Service-orientation emerged as a formal method in support of achieving the following goals and benefits (Figure 3.1) associated with service-oriented computing:

Increased Intrinsic Interoperability – Services within a given boundary are designed to be naturally compatible so they can be effectively assembled and reconfigured in response to changing business requirements.

Increased Federation – Services establish a uniform contract layer that hides underlying disparity, allowing them to be individually governed and evolved.

Increased Vendor Diversification Options – A service-oriented environment is based on a vendor-neutral architectural model, allowing the organization to evolve the architecture in tandem with the business without being limited to proprietary vendor platform characteristics.

Increased Business and Technology Alignment – Some services are designed with a business-centric functional context, allowing them to mirror and evolve with the business of the organization.

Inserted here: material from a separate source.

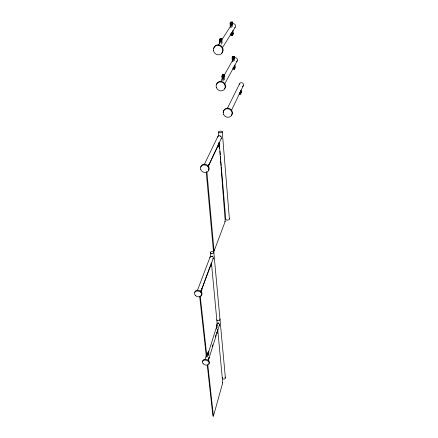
<?xml version="1.0" encoding="UTF-8"?>
<svg xmlns="http://www.w3.org/2000/svg" width="438" height="438" viewBox="0 0 438 438"><rect width="100%" height="100%" fill="white"/><g stroke="black" fill="none" stroke-linecap="round" stroke-linejoin="round"><path stroke-width="0.66" d="M220.352 136.421L220.1 136.043M209.041 357.649L208.942 357.988L208.926 357.605M232.359 58.659L232.364 58.199M207.251 364.914L212.906 416.04L213.426 416.1L222.728 382.785L217.735 329.825M208.154 360.939L219.509 324.837M208.258 359.91L209.167 357.945L208.888 357.917M216.865 333.176L217.702 331.385L217.527 329.546M212.145 346.672L212.758 344.728M215.217 336.937L215.83 334.988M207.278 354.337L207.836 354.391L207.7 353.132L208.614 351.166L208.882 353.685L208.253 355.678L207.979 353.159L208.614 351.166M216.881 324.662L217.111 327.137L216.536 328.954L216.301 326.474L216.613 324.64M199.673 296.427L206.369 356.948L206.928 357.003L207.962 353.767M208.587 351.867L208.526 352.448L217.248 324.635L211.428 262.888M205.006 359.456L206.451 354.95M211.275 264.749L211.297 264.333M211.428 264.935L210.503 266.638L211.428 264.935L211.264 263.233M201.699 288.434L201.885 290.18L201.179 292.086L200.987 290.339M200.911 291.232L210.492 265.406M200.812 292.047L213.273 258.431M206.216 171.784L213.432 251.089L214.067 251.127L225.225 221.365L219.257 143.155L218.611 143.133M197.429 290.471L210.114 256.947M234.155 58.019L234.144 57.274L234.138 58.035A2.163 2.037 45 0 1 237.199 58.895A2.163 2.037 45 0 1 236.131 61.802M218.108 144.973L218.25 146.785L218.573 146.796L219.263 145.317L219.033 142.295M218.25 146.785L219.263 145.317M208.368 165.903L221.327 138.408M208.143 166.752L218.119 145.575M218.688 144.365L219.257 143.155M240.166 92.062L240.276 94.077L240.621 94.082L241.256 92.741L241.114 90.058M240.276 94.077L240.911 92.736L241.256 92.741M231.461 110.387L243.347 85.64M239.236 94.061L239.581 94.066L240.227 92.73M204.218 164.661L217.752 136.667M227.382 108.389L239.575 83.778M234.954 64.901L235.129 67.906L234.45 69.166L234.095 69.166L234.779 67.901M232.967 67.95L233.038 69.155L233.394 69.16L234.073 67.895M224.382 84.496L237.286 60.762M224.026 79.973L224.541 79.037L224.24 74.575L223.862 74.569L223.084 75.96L223.238 78.199L222.482 78.194L222.329 75.949L223.112 74.564L222.734 74.559L221.951 75.949L222.258 80.422M220.533 81.846L222.186 78.9M224.174 75.358L232.441 60.619M232.354 61.873L232.102 57.602L232.797 56.382L233.147 56.382L232.458 57.608L232.583 59.743L233.29 59.749L233.75 58.927M233.739 61.271L233.525 57.608L234.21 56.387L233.169 57.608L233.29 59.749M223.763 80.439L223.462 75.96L224.24 74.575M232.583 59.743L233.273 58.517M222.482 78.194L223.265 76.798M233.191 34.115L232.118 35.264L233.191 34.115L232.972 30.293M232.107 34.115L231.034 35.264L231.746 34.12M222.455 47.687L235.129 27.38M222.126 43.116L221.803 38.363L221.414 38.363L220.599 39.623L220.763 42.01L219.986 42.01L220.801 40.745L220.642 38.363L220.254 38.363L219.427 39.623L219.712 43.707M218.403 45.103L219.887 42.809M222.11 39.36L230.629 26.154M231.773 27.539L231.51 23.006L232.228 21.9L231.144 23.006L231.275 25.278L230.541 25.284L230.41 23.011L231.133 21.905L230.043 23.017L230.311 27.545M221.31 44.391L220.987 39.623L221.803 38.363M230.541 25.284L231.264 24.172L231.133 21.905M219.986 42.01L219.816 39.623L220.642 38.363M219.668 40.148L219.662 40.98M218.113 322.861L218.524 322.855L218.436 323.189M212.178 256.531L212.211 256.071L211.976 256.449M230.043 23.017L230.41 23.011M231.144 23.006L231.51 23.006M219.427 39.623L219.816 39.623M220.599 39.623L220.987 39.623M232.102 57.602L232.458 57.608M233.169 57.608L233.525 57.608M221.951 75.949L222.329 75.949M223.084 75.96L223.462 75.96M224.623 221.332L225.225 221.365M201.584 290.153L201.885 290.18M207.7 353.132L207.979 353.159M222.23 382.73L222.728 382.785M208.576 166.829L208.663 166.248M200.275 296.471L206.928 357.003M207.804 364.969L213.426 416.1M208.4 358.695L208.537 359.937M210.36 252.715L210.749 256.788M210.415 265.691L210.503 266.638M211.006 263.495L211.1 264.442M210.629 264.952L210.793 266.654M217.018 331.977L217.133 333.203M213.821 252.299L225.384 377.824M206.906 171.811L214.067 251.127M208.603 164.595L208.827 167.102M218.343 132.199L218.693 136.284M219.214 142.416L219.334 143.774M219.509 145.821L219.739 148.542M219.975 151.269L220.265 154.674M220.44 156.716L220.73 160.122M220.845 161.48L221.195 165.569M221.31 166.927L225.789 219.367M222.263 131.745L229.392 218.923M218.338 143.768L218.573 146.796M218.803 143.5L218.896 144.704M223.112 74.564L223.227 76.239M222.734 74.559L222.822 75.834M232.797 56.382L232.939 58.812M231.264 33.031L231.395 35.264M233.268 67.052L233.394 69.16M230.919 33.348L231.034 35.264M232.228 21.9L232.485 26.417M234.21 56.387L234.456 60.647M232.299 32.067L232.485 35.264M234.237 65.552L234.45 69.166M232.009 32.45L232.118 35.264M233.974 67.058L234.095 69.166M233.147 56.382L233.24 57.98M240.44 90.715L240.621 94.082M239.509 92.725L239.581 94.066M224.82 377.118A1.517 1.1 -5.8 0 1 224.782 378.865A1.517 1.1 -5.8 0 1 222.471 378.492M222.378 378.218A1.517 1.1 -5.8 0 1 222.696 377.392M219.701 318.941A1.621 1.057 -5.6 0 1 219.777 320.118A1.621 1.057 -5.6 0 1 218.146 320.704L217.741 320.649A1.621 1.057 -5.6 0 1 216.788 319.844M216.969 323.348A1.626 1.188 18 0 1 219.06 323.753A1.626 1.188 18 0 1 219.192 325.374M202.723 361.613A3.471 2.414 18.1 0 1 206.917 359.538A3.471 2.414 18.1 0 1 208.767 363.726M210.005 257.654A1.747 1.374 20.5 0 1 211.176 256.279A1.747 1.374 20.5 0 1 213.207 257.232A1.747 1.374 20.5 0 1 212.737 258.94M194.784 292.283A3.75 2.82 20.4 0 1 200.182 290.881A3.75 2.82 20.4 0 1 200.67 295.765M217.615 137.11A1.987 1.763 28.6 0 1 220.287 135.939A1.987 1.763 28.6 0 1 221.07 138.786M200.828 167.092A4.309 3.69 27.1 0 1 206.55 164.672A4.309 3.69 27.1 0 1 208.329 170.689M239.427 84.271A2.108 1.966 34.9 0 1 241.42 82.694A2.108 1.966 34.9 0 1 243.49 84.446A2.108 1.966 34.9 0 1 242.209 86.631M223.511 112.55A4.588 4.166 31.2 0 1 229.162 108.372A4.588 4.166 31.2 0 1 231.472 115.314M231.74 24.435A2.261 2.13 59.6 0 1 234.992 24.44A2.261 2.13 59.6 0 1 234.724 27.764M213.744 48.596A4.922 4.566 50.1 0 1 220.785 45.607A4.922 4.566 50.1 0 1 221.272 53.562M216.46 84.862A4.714 4.331 38.5 0 1 222.761 81.835A4.714 4.331 38.5 0 1 224.595 88.859M229.271 218.688A1.818 0.958 -4.8 0 1 227.804 220.084A1.818 0.958 -4.8 0 1 225.794 219.115M222.104 76.743C222.214 78.046 222.345 75.659 222.104 76.743M201.168 291.002C201.283 291.867 201.365 290.033 201.168 291.002M201.595 289.841C201.71 290.701 201.792 288.877 201.595 289.841M208.105 353.422L208.203 353.083L208.105 353.422M210.782 265.62C210.875 266.474 210.985 264.667 210.782 265.62M221.146 40.416C221.217 41.867 221.431 39.502 221.146 40.416M218.567 145.553C218.639 146.653 218.814 144.649 218.567 145.553M221.644 39.644C221.71 41.095 221.929 38.73 221.644 39.644M218.989 144.649C219.066 145.75 219.219 143.757 218.989 144.649M216.416 326.753L216.487 326.441L216.416 326.753M216.766 325.653L216.837 325.341L216.766 325.653M223.61 76.688C223.681 78.041 223.878 75.763 223.61 76.688M224.086 75.834C224.168 77.208 224.338 74.821 224.086 75.834M217.128 332.267L217.221 331.955L217.128 332.267M217.478 331.161L217.566 330.843L217.478 331.161M231.642 23.772C231.702 25.169 231.899 22.88 231.642 23.772M232.08 23.094C232.135 24.484 232.332 22.229 232.08 23.094M232.49 33.808C232.545 35.182 232.737 32.91 232.49 33.808M232.917 33.107C232.978 34.476 233.158 32.209 232.917 33.107M233.651 58.314C233.711 59.623 233.892 57.411 233.651 58.314M234.456 67.775C234.516 69.067 234.691 66.861 234.456 67.775M234.867 67.009C234.927 68.295 235.102 66.094 234.867 67.009M240.632 92.736C240.686 93.973 240.845 91.805 240.632 92.736M241.02 91.92C241.075 93.146 241.234 90.989 241.02 91.92M220.002 132.813L219.509 132.785A1.976 0.827 -4.9 0 1 219.005 131.438A1.976 0.827 -4.9 0 1 222.197 131.608A1.976 0.827 -4.9 0 1 220.002 132.813M211.806 253.509L211.373 253.46A1.747 0.991 -5.4 0 1 210.957 251.828A1.747 0.991 -5.4 0 1 213.766 252.14A1.747 0.991 -5.4 0 1 211.806 253.509M203.139 363.704A3.477 2.414 18.1 0 0 208.948 364.055A3.477 2.414 18.1 0 0 205.351 360.085A3.477 2.414 18.1 0 0 203.139 363.704M195.249 295.294A3.756 2.825 20.4 0 0 201.513 295.513A3.756 2.825 20.4 0 0 197.593 290.98A3.756 2.825 20.4 0 0 195.249 295.294M200.801 169.72A4.32 3.69 27.1 0 0 208.012 171.368A4.32 3.69 27.1 0 0 205.187 164.978A4.32 3.69 27.1 0 0 200.801 169.72M223.489 114.236A4.599 4.172 31.1 0 0 231.176 115.939A4.599 4.172 31.1 0 0 228.308 108.827A4.599 4.172 31.1 0 0 223.489 114.236M213.399 50.332A4.933 4.572 49.9 0 0 220.944 54.098A4.933 4.572 49.9 0 0 219.92 45.82A4.933 4.572 49.9 0 0 213.399 50.332M216.427 87.731A4.725 4.336 38.3 0 0 224.283 89.445A4.725 4.336 38.3 0 0 221.305 82.016A4.725 4.336 38.3 0 0 216.427 87.731"/></g></svg>

Increased ROI – Most services are delivered and viewed as IT assets that are expected to provide repeated value that surpasses the cost of delivery and ownership.

Increased Organizational Agility – New and changing business requirements can be fulfilled more rapidly by establishing an environment in which solutions can be assembled or augmented with reduced effort by leveraging the reusability and native interoperability of existing services.

Reduced IT Burden – The enterprise as a whole is streamlined as a result of the previously described goals and benefits, allowing IT itself to better support the organization by providing more value with less cost and less overall burden.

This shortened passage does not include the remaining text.